Catalunya

Crise gouvernementale, crise politique

L’union du mouvement indépendantiste catalan, réalisée par l’accord de gouvernement de février 2021 en regroupant les élus d’ERC (33) et de Junts (32) avec l’appui sans participation de ceux de la CUP (9), n’existe plus à la tête des institutions de Catalogne. La formation de Carles Puigdemont, Junts per Catalunya, vient de décider de quitter ce gouvernement. Père Aragonès, le Président issu de ERC, a annoncé sa volonté de poursuivre son mandat jusqu’à son terme de quatre ans, en février 2025.

 

 

La décision de Junts a été prise au terme d’un long processus interne où une ligne majoritaire (55 %) s’est finalement imposée lors du Congrès des 6 et 7 octobre dernier pour quitter le gouvernement issu des accords avec ERC de mars 2021, 42 % se prononçant pour leur maintien, parmi 6.465 militants dont 79 % ont pris part au vote.

Ces chiffres témoignent de la vitalité du mouvement indépendantiste, en même temps que de la difficulté à définir une ligne politique unifiée dans ses propres rangs, et donc a fortiori entre différentes composantes.

 

Des désaccords anciens.

Déjà, il y a 18 mois, la discussion avait été difficile entre ERC, arrivée en tête avec une faible avance, et Junts contraint de ce fait au second rôle. Il avait fallu trois tentatives avant que Père Aragonès n’obtienne le concours de Junts pour former son gouvernement, sous la pression de l’opinion et de la société civile qui refusaient d’admettre d’autres alliances qui auraient conduit à occulter la victoire indépendantiste sortie des urnes, puisque, pour la première fois de son Histoire, l’indépendantisme catalan a été majoritaire en sièges (74 sur 135) et en voix (50,73 %).

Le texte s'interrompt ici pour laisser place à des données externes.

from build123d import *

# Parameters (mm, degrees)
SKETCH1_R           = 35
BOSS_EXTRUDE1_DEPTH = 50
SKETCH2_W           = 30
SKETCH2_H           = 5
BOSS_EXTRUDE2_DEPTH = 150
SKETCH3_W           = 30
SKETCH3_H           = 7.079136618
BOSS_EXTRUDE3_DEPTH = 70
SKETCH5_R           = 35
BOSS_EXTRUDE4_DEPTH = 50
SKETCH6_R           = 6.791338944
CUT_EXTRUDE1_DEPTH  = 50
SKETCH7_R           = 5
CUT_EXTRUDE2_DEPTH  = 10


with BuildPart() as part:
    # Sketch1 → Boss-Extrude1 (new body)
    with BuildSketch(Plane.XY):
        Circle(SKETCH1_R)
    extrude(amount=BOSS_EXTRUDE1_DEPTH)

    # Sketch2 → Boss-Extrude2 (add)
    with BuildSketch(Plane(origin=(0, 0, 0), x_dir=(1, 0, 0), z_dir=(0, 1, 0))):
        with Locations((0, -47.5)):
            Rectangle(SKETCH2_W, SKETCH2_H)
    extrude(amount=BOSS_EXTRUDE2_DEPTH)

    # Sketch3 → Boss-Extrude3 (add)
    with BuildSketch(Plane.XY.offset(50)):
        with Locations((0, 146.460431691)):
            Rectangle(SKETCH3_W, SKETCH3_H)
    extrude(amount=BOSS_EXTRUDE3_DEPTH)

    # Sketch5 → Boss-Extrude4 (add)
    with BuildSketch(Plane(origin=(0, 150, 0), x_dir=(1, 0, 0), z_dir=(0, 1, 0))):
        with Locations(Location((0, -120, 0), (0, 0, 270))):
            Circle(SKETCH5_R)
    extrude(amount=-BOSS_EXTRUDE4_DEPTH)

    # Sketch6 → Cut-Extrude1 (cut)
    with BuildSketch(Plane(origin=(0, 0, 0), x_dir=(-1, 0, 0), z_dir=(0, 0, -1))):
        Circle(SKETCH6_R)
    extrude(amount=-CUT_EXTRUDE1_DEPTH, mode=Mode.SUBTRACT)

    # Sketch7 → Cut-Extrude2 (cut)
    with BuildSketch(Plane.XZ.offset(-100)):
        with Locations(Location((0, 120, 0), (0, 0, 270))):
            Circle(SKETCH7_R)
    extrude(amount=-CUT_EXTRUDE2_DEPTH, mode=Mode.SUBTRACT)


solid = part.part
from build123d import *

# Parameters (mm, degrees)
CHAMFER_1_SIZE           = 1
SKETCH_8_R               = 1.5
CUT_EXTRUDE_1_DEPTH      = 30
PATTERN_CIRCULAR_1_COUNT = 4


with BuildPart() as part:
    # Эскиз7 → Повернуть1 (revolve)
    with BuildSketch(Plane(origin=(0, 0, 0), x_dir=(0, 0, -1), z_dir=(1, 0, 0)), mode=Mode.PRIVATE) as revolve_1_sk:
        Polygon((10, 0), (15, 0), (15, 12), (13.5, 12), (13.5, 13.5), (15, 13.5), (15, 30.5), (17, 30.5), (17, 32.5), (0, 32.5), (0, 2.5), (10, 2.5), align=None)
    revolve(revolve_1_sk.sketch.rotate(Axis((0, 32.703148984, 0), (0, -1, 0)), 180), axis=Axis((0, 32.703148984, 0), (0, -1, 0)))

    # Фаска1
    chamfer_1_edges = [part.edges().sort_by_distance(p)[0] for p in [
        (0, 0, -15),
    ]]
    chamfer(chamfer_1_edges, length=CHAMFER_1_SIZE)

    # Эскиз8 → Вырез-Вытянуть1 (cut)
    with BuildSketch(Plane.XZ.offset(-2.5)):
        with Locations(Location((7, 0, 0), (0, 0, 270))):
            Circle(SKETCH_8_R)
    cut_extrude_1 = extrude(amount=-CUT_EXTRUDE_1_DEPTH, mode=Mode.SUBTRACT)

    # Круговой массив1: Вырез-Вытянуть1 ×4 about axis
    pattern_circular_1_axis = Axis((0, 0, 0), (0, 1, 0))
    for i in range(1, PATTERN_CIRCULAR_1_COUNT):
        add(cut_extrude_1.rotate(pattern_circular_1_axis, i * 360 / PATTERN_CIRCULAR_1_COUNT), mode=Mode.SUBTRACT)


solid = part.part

Mais, déjà, entre Junts et ERC, les désaccords étaient nombreux. Ils portaient principalement sur trois points.

 

Le premier point de désaccord est relatif aux choix tactiques à effectuer pour la conduite de la Generalitat après le referendum du 1er octobre 2017, dans le cadre de la répression brutale qui a suivi, et qui perdure. La déclaration unilatérale d’indépendance n’ayant pu être suivie d’effet, et l’État ayant repris la main sur les institutions catalanes grâce à la mise en œuvre de l’article 155 de la Constitution espagnole, il avait été important qu’une majorité indépendantiste sorte des urnes dès le 21 décembre 2017. Elle avait été majoritaire en sièges, légèrement minoritaire en voix, et dominée par Junts qui, Carles Puigdemont étant contraint à l’exil en Belgique, a nommé Quim Torra comme Président de la Generalitat. Celui-ci, sur une ligne indépendantiste radicale, a mené une gouvernance « musclée », ce qui a conduit à son invalidation sur la base d’un simple prétexte, sa condamnation pour « désobéissance » pour avoir apposé et maintenu en façade du bâtiment de la Generalitat une banderole demandant la libération des prisonniers politiques. La justice espagnole l’a destitué, et des élections anticipées de plusieurs mois ont alors été convoquées.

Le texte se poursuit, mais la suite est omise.